May we who know Jesus Christ give them an example of what commitment is, of what community is, of what values are, of what mission means, of what faith is about, so that in this community that we call Grace Church Roseville for our own purposes, but in this community of God that He has placed here, others may see that what they are crying for can be found here. That their cry for significance and relevance, their need to belong, can be fulfilled here.

As in any community, there are certain requirements for membership. If you join the Boy Scouts, there are some hoops to jump through. If you belong to Rotary, there are certain requirements before you can join. If you belong to a union, there are some requirements for that, and the same is true of a church. Churches have somewhat different requirements, of course, because of the kind of community that a church is.

But a church like Grace Church requires, first of all, a profession of faith in the Lord Jesus Christ. It does no one good to come into our church and by coming and thinking he becomes a Christian. We become a Christian by trusting in the Savior, and having made that profession of faith in Christ, we then are baptized by immersion to signify our identification with Him. Then we agree with what the church is about, its doctrines, its mission, its values.

And we willingly say, I commit myself to support these with my service, with my finances, with my prayer. I am committing myself to this community. We have nearly 700 people who have made that decision, who have said by their life, I am committed to this community. But there are many others who have not yet done that. And this morning I want to give you an opportunity to make that commitment.

And to say by coming forward at the conclusion of this service on our 12th anniversary, I believe in Grace Church. I believe in what God is doing in this community of believers. I agree with its values, its mission. I agree with its purpose. And today by coming forward I am saying I want to become a member of this community. We have some folks who are prepared to take your names and help you understand the next step to take. But I want to urge you to take the first step today.

But in addition to that, and beyond that really, you have never made a public profession of your faith in Jesus Christ. If you are not sure you are a Christian, or if you are a Christian who has done that in private, who has made that decision in private, I want to urge you to come today as well. It may or may not be related to church membership. I hope it will be.

But if you have never made a public profession of your faith in Christ, I want to urge you to come this morning in obedience to His Lordship in your life. He calls you to publicly stand with Him. I invite you now to stand with me as we pray together. Now Father, I thank you for who you have called us to be. And in this brief message we have laid out in broad strokes some of that truth.

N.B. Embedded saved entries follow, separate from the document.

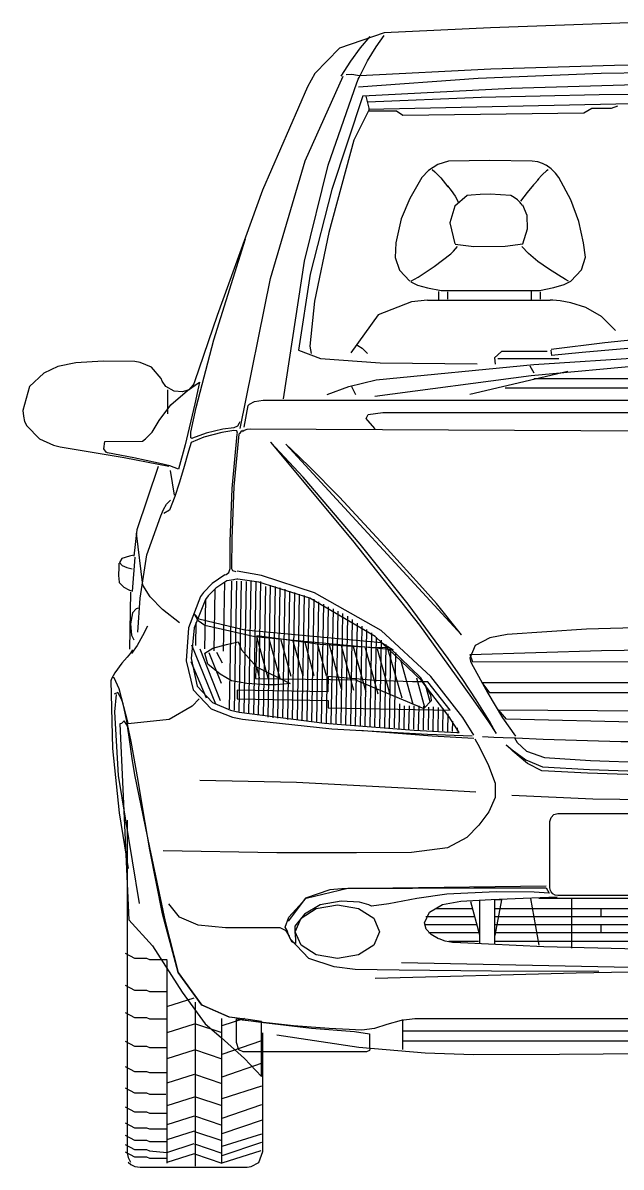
# Model space of a CAD drawing. Extents: x -3992 to -2024, y 2000 to 3575.
# Drawn here: x -3992 to -3169, y 2000 to 3572 of the extents above; entities that cross this region are included whole.
import ezdxf

# ---------------------------------------------------------------- set-up
doc = ezdxf.new("R2010")
doc.units = 0
doc.header["$LTSCALE"] = 5
doc.header["$MEASUREMENT"] = 0
doc.layers.add('000_FREI-LASSEN', color=7, linetype='CONTINUOUS')
doc.layers.add('001_HILFSLINIEN', color=7, linetype='CONTINUOUS')

# ---------------------------------------------------------------- blocks, each defined once
blk = doc.blocks.new('MB_A-KLASSE_V_4')
at = {"layer": '001_HILFSLINIEN', "color": 7, "linetype": 'Continuous'}
for p, q in [((-158.3, 1571.9), (-349.1, 1565.2)), ((-495.1, 1558.4), (-556.5, 1537.1)), ((-349.1, 1565.2), (-495.1, 1558.4)), ((-527.9, 1537.6), (-514.4, 1553.2)), ((-506.3, 1538.9), (-495.3, 1554.6)), ((-556.5, 1537.1), (-590.4, 1502.3)), ((-541.2, 1519.5), (-527.9, 1537.6)), ((-518.3, 1519.7), (-506.3, 1538.9)), ((-554.1, 1498.9), (-541.2, 1519.5)), ((-529.6, 1497), (-518.3, 1519.7)), ((-178.7, 1513.5), (-348.7, 1508.3)), ((-18.5, 1514.7), (-178.7, 1513.5)), ((-604, 1382.4), (-551.4, 1498.9)), ((-590.4, 1502.3), (-600.8, 1484.1)), ((-539.7, 1500.8), (-547.4, 1500.5)), ((-532, 1499.7), (-539.7, 1500.8)), ((-528.5, 1499), (-532, 1499.7)), ((-531.7, 1492), (-530.7, 1494.5)), ((-530.7, 1494.5), (-529.6, 1497)), ((-530.6, 1484.3), (-365.8, 1495.9)), ((-348.7, 1508.3), (-528.5, 1499)), ((-365.8, 1495.9), (-196.7, 1502.9)), ((-196.7, 1502.9), (-23.1, 1505.2)), ((-600.8, 1484.1), (-662.4, 1342.1)), ((-572.1, 1376.3), (-532.7, 1489.4)), ((-532.7, 1489.4), (-531.7, 1492)), ((-524.3, 1471.7), (-320.5, 1482.3)), ((-320.5, 1482.3), (-149, 1487.2)), ((-524.3, 1471.7), (-567.2, 1343.1)), ((-520.6, 1471.3), (-516, 1452.9)), ((-518.2, 1463.3), (-361.8, 1469.8)), ((-516.6, 1453.6), (-105.2, 1462.4)), ((-361.8, 1469.8), (-199.7, 1473.6)), ((-199.7, 1473.6), (-32, 1474.6)), ((-516, 1452.9), (-537.1, 1410.7)), ((-478.4, 1450.6), (-516.6, 1450.6)), ((-469.5, 1444.7), (-478.4, 1450.6)), ((-220.6, 1447.7), (-469.5, 1444.7)), ((-209.8, 1454.5), (-220.6, 1447.7)), ((-183.3, 1454.5), (-209.8, 1454.5)), ((-174.5, 1457.5), (-183.3, 1454.5)), ((-537.1, 1410.7), (-571.1, 1283.8)), ((-651.3, 1220.8), (-604, 1382.4)), ((-604.5, 1244.6), (-572.1, 1376.3)), ((-434.4, 1369.3), (-443.5, 1359.5)), ((-421.5, 1377.4), (-434.4, 1369.3)), ((-429.1, 1370.5), (-425.6, 1367.4)), ((-406.9, 1381.9), (-421.5, 1377.4)), ((-350.1, 1383.1), (-406.9, 1381.9)), ((-291.5, 1381.9), (-350.1, 1383.1)), ((-283.7, 1381), (-291.5, 1381.9)), ((-277.5, 1378.9), (-283.7, 1381)), ((-272.1, 1376.2), (-277.5, 1378.9)), ((-271.9, 1368.6), (-277.4, 1363.8)), ((-265.5, 1371.6), (-272.5, 1376.5)), ((-269.7, 1370.2), (-271.9, 1368.6)), ((-259.6, 1365.7), (-265.5, 1371.6)), ((-443.5, 1359.5), (-460.1, 1330.8)), ((-425.6, 1367.4), (-417.3, 1359.1)), ((-417.3, 1359.1), (-407.5, 1346.6)), ((-282.6, 1357.4), (-290, 1349.4)), ((-277.4, 1363.8), (-284.6, 1356.2)), ((-255, 1359.5), (-259.6, 1365.7)), ((-238.5, 1329), (-255, 1359.5)), ((-662.4, 1342.1), (-724.8, 1169.8)), ((-567.2, 1343.1), (-597.1, 1226.6)), ((-408.3, 1348.3), (-403.2, 1341.5)), ((-403.2, 1341.5), (-397.7, 1333.9)), ((-349.5, 1336.4), (-363.2, 1336)), ((-321.1, 1334.6), (-349.5, 1336.4)), ((-298.5, 1338.7), (-307.9, 1327.1)), ((-290, 1349.4), (-298.5, 1338.7)), ((-460.1, 1330.8), (-471.6, 1302.9)), ((-381.2, 1334.6), (-398.1, 1320)), ((-397.7, 1333.9), (-392.8, 1325.1)), ((-375.8, 1335.1), (-381.2, 1334.6)), ((-363.2, 1336), (-375.8, 1335.1)), ((-316.4, 1331.9), (-321.1, 1334.6)), ((-312.1, 1328.8), (-316.4, 1331.9)), ((-308.2, 1325.1), (-312.1, 1328.8)), ((-307.2, 1324), (-308.2, 1325.1)), ((-306.3, 1322.9), (-307.2, 1324)), ((-305.4, 1321.7), (-306.3, 1322.9)), ((-298.6, 1307.1), (-304.7, 1321.7)), ((-227.5, 1299.1), (-238.5, 1329)), ((-398.1, 1320), (-404.8, 1297.3)), ((-298.1, 1289.1), (-298.6, 1307.1)), ((-471.6, 1302.9), (-479.1, 1269.9)), ((-404.8, 1297.3), (-397.8, 1268.3)), ((-304.5, 1268.3), (-298.1, 1289.1)), ((-221.2, 1269.9), (-227.5, 1299.1)), ((-729.4, 1136.6), (-686, 1275.1)), ((-571.1, 1283.8), (-591, 1189.7)), ((-479.1, 1269.9), (-479.9, 1249.8)), ((-403.7, 1254.6), (-400, 1258.2)), ((-400, 1258.2), (-396.9, 1261.7)), ((-397.7, 1268.1), (-372, 1264.9)), ((-396.9, 1261.7), (-394.5, 1264.9)), ((-372, 1264.9), (-329, 1265)), ((-329, 1265), (-304.5, 1268.3)), ((-296.9, 1255), (-305.7, 1264.9)), ((-218.6, 1250.2), (-221.2, 1269.9)), ((-633.6, 1055.6), (-604.5, 1244.6)), ((-479.9, 1249.8), (-474.2, 1232.3)), ((-426.3, 1237.1), (-403.7, 1254.6)), ((-283.9, 1244.3), (-296.9, 1255)), ((-269.2, 1233.9), (-283.9, 1244.3)), ((-224.1, 1232.6), (-218.6, 1250.2)), ((-597.1, 1226.6), (-612.9, 1122.3)), ((-474.2, 1232.3), (-460, 1216.9)), ((-448.3, 1222.8), (-426.3, 1237.1)), ((-255.7, 1225.2), (-269.2, 1233.9)), ((-238.5, 1216.9), (-224.1, 1232.6)), ((-693.3, 1014.5), (-651.3, 1220.8)), ((-458.7, 1216), (-449.5, 1211.8)), ((-458.3, 1216.9), (-448.3, 1222.8)), ((-449.5, 1211.8), (-435.6, 1207.9)), ((-261.9, 1208.2), (-247.5, 1212.3)), ((-245.8, 1219.2), (-255.7, 1225.2)), ((-247.5, 1212.3), (-238.5, 1216.9)), ((-241.9, 1216.9), (-245.8, 1219.2)), ((-435.6, 1207.9), (-416.9, 1204.4)), ((-420.7, 1203.1), (-420.7, 1191.3)), ((-416.9, 1204.4), (-281.6, 1204.4)), ((-408.1, 1202.5), (-408.1, 1192.6)), ((-293.1, 1203.1), (-293.1, 1191.3)), ((-281.6, 1204.4), (-261.9, 1208.2)), ((-280.5, 1202.5), (-280.5, 1192.6)), ((-591, 1189.7), (-597.4, 1127.7)), ((-457.8, 1188.8), (-503.3, 1170.7)), ((-435.7, 1190.9), (-457.8, 1188.8)), ((-435.7, 1190.9), (-267.1, 1190.9)), ((-263.3, 1190.8), (-267.1, 1190.9)), ((-253.2, 1190), (-263.3, 1190.8)), ((-238.5, 1187.4), (-253.2, 1190)), ((-218, 1180.7), (-238.5, 1187.4)), ((-196.6, 1168.5), (-218, 1180.7)), ((-724.8, 1169.8), (-755.8, 1078.9)), ((-503.3, 1170.7), (-541.2, 1118.6)), ((-177.1, 1149.2), (-196.6, 1168.5)), ((-753.4, 1043.6), (-729.4, 1136.6)), ((-191.9, 1132.4), (-265.6, 1123.3)), ((-91.4, 1143.1), (-191.9, 1132.4)), ((-612.9, 1122.3), (-582.8, 1111)), ((-597.4, 1127.7), (-595.5, 1117.8)), ((-533.6, 1130), (-531.3, 1128.8)), ((-531.3, 1128.8), (-525.6, 1124.9)), ((-525.6, 1124.9), (-518.2, 1117.9)), ((-333.9, 1120.7), (-343.7, 1111.9)), ((-271.3, 1120.7), (-333.9, 1120.7)), ((-266, 1122.3), (-265, 1115.1)), ((-265.3, 1115.5), (-223.1, 1119.5)), ((-223.1, 1119.5), (-132.3, 1127.7)), ((-919.2, 1104.7), (-943.7, 1099.8)), ((-881.3, 1107.3), (-919.2, 1104.7)), ((-838, 1106.7), (-881.3, 1107.3)), ((-830.7, 1105.4), (-838, 1106.7)), ((-815.2, 1098.8), (-830.7, 1105.4)), ((-582.8, 1111), (-500.5, 1104.8)), ((-506.4, 1081.7), (-289.5, 1102.4)), ((-500.5, 1104.8), (-367.4, 1103.4)), ((-343.7, 1111.9), (-342.8, 1103.1)), ((-338.8, 1110.9), (-254.9, 1110.9)), ((-295.1, 1100.6), (-289.5, 1091.2)), ((-293.3, 1087.5), (-118.8, 1103.7)), ((-289.5, 1102.4), (-107.2, 1114.5)), ((-963, 1090.8), (-982.8, 1072.4)), ((-943.7, 1099.8), (-963, 1090.8)), ((-801.6, 1083.5), (-815.2, 1098.8)), ((-508.2, 1059.3), (-293.3, 1087.5)), ((-242.7, 1093.1), (-377.4, 1061.2)), ((-982.8, 1072.4), (-991.9, 1039.4)), ((-800.5, 1079.8), (-801.6, 1083.5)), ((-795.4, 1072.2), (-800.5, 1079.8)), ((-784, 1066.1), (-795.4, 1072.2)), ((-765.6, 1067), (-748.9, 1078.4)), ((-757.6, 1074.9), (-763.6, 1067.7)), ((-757, 1076.2), (-757.6, 1074.9)), ((-756.4, 1077.5), (-757, 1076.2)), ((-755.8, 1078.9), (-756.4, 1077.5)), ((-748.9, 1078.4), (-755.6, 1048.7)), ((-573.7, 1061.2), (-543.8, 1072.4)), ((-543.8, 1072.4), (-506.4, 1081.7)), ((-540.1, 1072.4), (-534.5, 1061.2)), ((-328.7, 1070.5), (303.2, 1070.5)), ((-289.5, 1083.6), (302.9, 1083.6)), ((-793.2, 1067.7), (-793.2, 1034.9)), ((-788.4, 1047.1), (-765.6, 1067)), ((-772.2, 1064.9), (-784, 1066.1)), ((-763.6, 1067.7), (-772.2, 1064.9)), ((-673.6, 1051.8), (-661.6, 1053.7)), ((-661.6, 1053.7), (650, 1053.7)), ((-991.9, 1039.4), (-991.2, 1031.5)), ((-804.4, 1025.8), (-788.4, 1047.1)), ((-755.6, 1048.7), (-768.7, 992.3)), ((-760.8, 1009.7), (-753.4, 1043.6)), ((-687.7, 1016.4), (-682.1, 1046.3)), ((-682.1, 1046.3), (-680.1, 1048.2)), ((-680.1, 1048.2), (-673.6, 1051.8)), ((-991.2, 1031.5), (-989.4, 1024.5)), ((-989.4, 1024.5), (-986.6, 1018.3)), ((-814.1, 1009.7), (-804.4, 1025.8)), ((-694.4, 1021.8), (-696.6, 1017.7)), ((-693.9, 1024), (-694.4, 1021.8)), ((-519.7, 1028.6), (-517.3, 1034)), ((-517.6, 1025.7), (-519.7, 1028.6)), ((-507.7, 1014.4), (-517.6, 1025.7)), ((-517.3, 1034), (-497, 1036.9)), ((-497, 1036.9), (482.1, 1036.9)), ((-986.6, 1018.3), (-968.9, 1000.3)), ((-823.2, 1000.5), (-814.1, 1009.7)), ((-761, 1002.1), (-760.8, 1009.7)), ((-739.8, 1008.3), (-758.6, 1001.4)), ((-718.2, 1009.1), (-743, 1003)), ((-716.8, 1013.8), (-739.8, 1008.3)), ((-701.8, 1012.1), (-718.2, 1009.1)), ((-701.8, 1015.8), (-716.8, 1013.8)), ((-704.1, 932.3), (-697.1, 1006.9)), ((-695.1, 1007.1), (-702, 934.9)), ((-696.6, 1017.7), (-701.8, 1015.8)), ((-697.5, 1011.3), (-701.8, 1012.1)), ((-696.8, 1008.5), (-697.5, 1011.3)), ((-697.1, 1006.9), (-696.8, 1008.5)), ((-694.1, 1008), (-695.1, 1007.1)), ((-692, 1010), (-694.1, 1008)), ((-689.9, 1011.9), (-692, 1010)), ((-687.6, 1011.8), (-690, 1010)), ((-684, 1013.4), (-687.6, 1011.8)), ((-679.2, 1014), (-684, 1013.4)), ((-7.8, 1010.5), (-679.2, 1014)), ((-968.9, 1000.3), (-949.7, 991.6)), ((-949.7, 991.6), (-940.6, 989.4)), ((-880.6, 986.6), (-879.3, 997)), ((-879.3, 997), (-827.3, 997.5)), ((-827.3, 997.5), (-823.2, 1000.5)), ((-768.7, 992.3), (-778, 958.7)), ((-760.5, 995.3), (-764, 983.4)), ((-759.6, 1000.8), (-761, 1002.1)), ((-743, 1003), (-760.5, 995.3)), ((-758.6, 1001.4), (-759.6, 1000.8)), ((-651.6, 995.7), (-538.6, 861)), ((-606.6, 947.8), (-651.6, 995.7)), ((-630.5, 993.3), (-388.8, 731.4)), ((-622.5, 986), (-630.5, 993.3)), ((-940.6, 989.4), (-852.8, 974.7)), ((-877.5, 982.2), (-880.6, 986.6)), ((-875.3, 981.4), (-877.5, 982.2)), ((-839.5, 974.6), (-875.3, 981.4)), ((-852.8, 974.7), (-805.3, 965.8)), ((-805.2, 967.1), (-839.5, 974.6)), ((-764, 983.4), (-771.2, 959.2)), ((-598.1, 962.6), (-622.5, 986)), ((-805.8, 962.4), (-835.1, 875.3)), ((-805.3, 965.8), (-791.1, 962.8)), ((-789.9, 963.5), (-805.2, 967.1)), ((-778, 958.7), (-789.9, 963.5)), ((-771.2, 959.2), (-777.2, 939.6)), ((-556.6, 920.2), (-598.1, 962.6)), ((-789.2, 957.2), (-783.9, 923)), ((-528.3, 855.6), (-606.6, 947.8)), ((-777.2, 939.6), (-782.8, 921.5)), ((-706.7, 859.3), (-704.1, 932.3)), ((-702, 934.9), (-704.6, 863)), ((-794.2, 910.7), (-788.8, 916.2)), ((-782.8, 921.5), (-790.4, 902.4)), ((-499.7, 859), (-556.6, 920.2)), ((-802.4, 894.6), (-798.5, 903.5)), ((-798.5, 903.5), (-794.2, 910.7)), ((-790.4, 902.4), (-798.3, 897.8)), ((-821.3, 841.3), (-802.4, 894.6)), ((-835.1, 875.3), (-839.1, 839.2)), ((-827, 799.5), (-835.6, 871.1)), ((-707.1, 822.3), (-706.7, 859.3)), ((-704.6, 863), (-705, 823.6)), ((-538.6, 861), (-446.7, 744.5)), ((-462.4, 773.3), (-528.3, 855.6)), ((-446.6, 800.5), (-499.7, 859)), ((-855.7, 835.9), (-859.1, 830.4)), ((-845.2, 839.5), (-855.7, 835.9)), ((-839.1, 840.8), (-845.2, 839.5)), ((-837.8, 838), (-841.6, 790.8)), ((-830.5, 781.7), (-821.3, 841.3)), ((-860.1, 824.2), (-860.4, 812.9)), ((-859.8, 829.7), (-860.1, 824.2)), ((-859.1, 830.4), (-855.2, 826.7)), ((-855.2, 826.7), (-849.1, 823.6)), ((-849.1, 823.6), (-841.8, 821.9)), ((-708.9, 816.7), (-707.1, 822.3)), ((-705, 823.6), (-704.9, 822.2)), ((-704.9, 822.2), (-703.5, 819.7)), ((-703.5, 819.7), (-699.2, 818.4)), ((-664, 812.7), (-697.3, 818.5)), ((-860.4, 812.9), (-859.5, 803.4)), ((-859.5, 803.4), (-859.4, 803.2)), ((-859.4, 803.2), (-859.3, 803)), ((-859.3, 803), (-859.1, 802.7)), ((-859.1, 802.7), (-853.2, 796.9)), ((-731.7, 801.8), (-743.4, 789.6)), ((-714.1, 813.6), (-731.7, 801.8)), ((-711.6, 805.6), (-726.6, 795.5)), ((-714.9, 804), (-716.6, 709)), ((-714.1, 813.6), (-712.3, 814.2)), ((-712.3, 814.2), (-708.9, 816.7)), ((-701.7, 807), (-711.6, 805.6)), ((-705, 805), (-708.1, 629.6)), ((-700.5, 807.2), (-702.4, 807)), ((-698.4, 804.9), (-701.4, 627.7)), ((-697.7, 807.6), (-700.5, 807.2)), ((-696.3, 807.8), (-697.7, 807.6)), ((-667.5, 803.4), (-696.3, 807.8)), ((-691.7, 804.8), (-694.8, 625.9)), ((-685, 804.7), (-688.2, 624.6)), ((-678.3, 804.6), (-681.5, 623.3)), ((-671.7, 804.5), (-674.8, 622)), ((-665, 804.3), (-668.2, 621.3)), ((-597.4, 781.5), (-667.5, 803.4)), ((-591.1, 788.8), (-664, 812.7)), ((-853.2, 796.9), (-846.4, 793)), ((-846.4, 793), (-843.1, 791.5)), ((-843.9, 789.9), (-845.5, 711.6)), ((-816.8, 783.4), (-827, 799.5)), ((-743.4, 789.6), (-747.6, 784)), ((-726.6, 795.5), (-737, 784.9)), ((-727.9, 793.7), (-729.3, 709.2)), ((-658.4, 797.5), (-661.5, 620)), ((-651.7, 799.4), (-654.9, 618.1)), ((-645.1, 797.5), (-648.2, 617.4)), ((-638.4, 795.7), (-641.6, 616.7)), ((-631.8, 793.8), (-634.9, 616.6)), ((-625.2, 791.3), (-628.2, 614.7)), ((-618.5, 789.5), (-621.6, 615.2)), ((-611.9, 787), (-614.9, 613.9)), ((-499.5, 737.1), (-591.1, 788.8)), ((-423.1, 774.4), (-446.6, 800.5)), ((-833.9, 735), (-830.5, 781.7)), ((-800.1, 766.1), (-816.8, 783.4)), ((-747.6, 784), (-764.3, 740.7)), ((-740.9, 779.9), (-756.4, 740.7)), ((-740.9, 779.3), (-742.1, 711.8)), ((-737, 784.9), (-740.9, 779.9)), ((-605.2, 785.1), (-608.2, 613.8)), ((-598.6, 782.1), (-601.6, 613.1)), ((-507.7, 729.1), (-597.4, 781.5)), ((-592, 780.2), (-594.9, 612.4)), ((-585.4, 776.5), (-588.2, 612.3)), ((-578.8, 773.5), (-581.6, 611)), ((-407.1, 698.7), (-462.4, 773.3)), ((-388.8, 731.4), (-423.1, 774.4)), ((-841, 761.5), (-843.7, 746.2)), ((-836.1, 767), (-841, 761.5)), ((-833.5, 767.7), (-836.1, 767)), ((-776.7, 747.5), (-800.1, 766.1)), ((-750.7, 750.7), (-756, 759.7)), ((-756, 759.7), (-750, 753.2)), ((-572.1, 769.9), (-574.9, 609.7)), ((-565.5, 766.8), (-568.3, 609)), ((-558.9, 763.8), (-561.6, 609.4)), ((-552.3, 760.7), (-554.9, 609.3)), ((-545.7, 757.1), (-548.3, 608)), ((-843.7, 746.2), (-842.4, 730.9)), ((-820.4, 743.3), (-827.3, 729.8)), ((-764.3, 740.7), (-767.5, 695.5)), ((-756.4, 740.7), (-760.4, 698.6)), ((-754.2, 748.4), (-754.7, 716.7)), ((-741.7, 744), (-750.7, 750.7)), ((-750, 753.2), (-686.8, 738.1)), ((-673.2, 728.4), (-741.7, 744)), ((-539.1, 752.3), (-541.6, 607.9)), ((-532.5, 747.4), (-534.9, 606.6)), ((-525.9, 743.2), (-528.3, 605.9)), ((-446.7, 744.5), (-375, 645.2)), ((-217.1, 738.9), (-326.3, 731.7)), ((-107, 742.4), (-217.1, 738.9)), ((-842.4, 730.9), (-840, 725.4)), ((-840, 725.4), (-838.7, 724.6)), ((-827.3, 729.8), (-834.9, 716.8)), ((-686.8, 738.1), (-499, 720.6)), ((-482.6, 710.8), (-673.2, 728.4)), ((-670.4, 729.9), (-672, 671.2)), ((-583, 718.1), (-670.4, 729.9)), ((-670.2, 727.6), (-655, 672.1)), ((-653.7, 726), (-638.2, 669.7)), ((-637.2, 724.4), (-623.3, 674.5)), ((-519.3, 738.4), (-521.6, 606.4)), ((-512.7, 734.2), (-514.9, 605.1)), ((-506.1, 728.2), (-508.3, 604.4)), ((-444.4, 669.1), (-507.7, 729.1)), ((-499.5, 724), (-501.6, 603.7)), ((-430.8, 673.8), (-499.5, 737.1)), ((-350, 727.1), (-370.2, 716.5)), ((-326.3, 731.7), (-350, 727.1)), ((-841.3, 710.8), (-844.1, 706.2)), ((-834.9, 716.8), (-842.7, 705.8)), ((-760, 717.4), (-727.1, 636.4)), ((-748.4, 711.9), (-720.7, 641)), ((-741.7, 706.2), (-730.9, 712.7)), ((-730.9, 712.7), (-712, 718)), ((-725.9, 707.4), (-718, 692.6)), ((-712, 718), (-696, 721.5)), ((-696, 721.5), (-691.2, 710.7)), ((-691.2, 710.7), (-670.5, 687.1)), ((-620.6, 722.8), (-607.1, 674.9)), ((-604.1, 721.2), (-591.7, 675.3)), ((-587.5, 719.7), (-574.9, 675.6)), ((-514.8, 713.8), (-583, 718.1)), ((-571, 718.1), (-554.1, 657.6)), ((-554.4, 716.5), (-537.3, 655.2)), ((-537.9, 715), (-520.5, 652.8)), ((-521.4, 713.4), (-503.7, 650.4)), ((-487.2, 713.2), (-514.8, 713.8)), ((-504.8, 711.8), (-486.9, 647.9)), ((-499, 720.6), (-482.6, 710.8)), ((-492.9, 718), (-494.9, 603.6)), ((-490.2, 710.9), (-471, 644.8)), ((-486.4, 712.6), (-488.3, 602.9)), ((-444.9, 672.1), (-487.2, 713.2)), ((-370.2, 716.5), (-377.3, 699.3)), ((-377, 704.1), (-196.6, 709.9)), ((-196.6, 709.9), (-9.8, 711.9)), ((-855.6, 692.3), (-865.3, 679.2)), ((-848.7, 700.4), (-855.6, 692.3)), ((-844.1, 706.2), (-848.7, 700.4)), ((-767.5, 695.5), (-757.6, 655.7)), ((-760.9, 694.5), (-739.7, 644.8)), ((-760.4, 698.6), (-752.1, 660.7)), ((-737.4, 691), (-741.7, 706.2)), ((-736.3, 707), (-719.1, 665)), ((-479.8, 707.2), (-481.6, 603.4)), ((-472.9, 696.8), (-455.9, 636.1)), ((-387.1, 669.7), (-407.1, 698.7)), ((-377.3, 699.3), (-376.9, 697.3)), ((-373.3, 693.8), (-377, 704.1)), ((-376.9, 697.3), (-376.3, 695.2)), ((-376.3, 695.2), (-375.5, 693)), ((-375.5, 693), (-352.8, 650.9)), ((-30, 694.3), (-373.3, 693.8)), ((-865.3, 679.2), (-869.8, 670.8)), ((-720.7, 677.2), (-737.4, 691)), ((-705, 668.1), (-720.7, 677.2)), ((-670.5, 687.1), (-666.9, 672.3)), ((-670.5, 687.1), (-624.5, 664.5)), ((-869.8, 670.8), (-870.9, 667.9)), ((-870.9, 667.9), (-868.7, 574.9)), ((-869.1, 673.6), (-866.9, 672.7)), ((-866.9, 672.7), (-859.8, 657.5)), ((-752.1, 660.7), (-731.4, 638.4)), ((-684.2, 664.2), (-705, 668.1)), ((-657.1, 662.7), (-684.2, 664.2)), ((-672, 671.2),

There are some friends who are here who I believe the Spirit of God would have respond by saying, I want to belong to that community. And so Father, lead them I pray by your Spirit. And for those who need to come in profession of their faith in Christ, lead them to come by the Holy Spirit. Urge them to make this important step of obedience. For Christ's sake I pray, Amen. We are going to close by singing hymn 460, All the Way My Savior Leads Me.

And as we sing this verse I want to urge you to step out on the very first part of the first verse. Don't wait for anybody else. We want to have you give an opportunity to speak with someone personally and privately about this decision. And so I urge you to come as we sing the very first verse, All the Way My Savior Leads Me. Let Him lead you this morning. And this important decision about community. Let's sing together.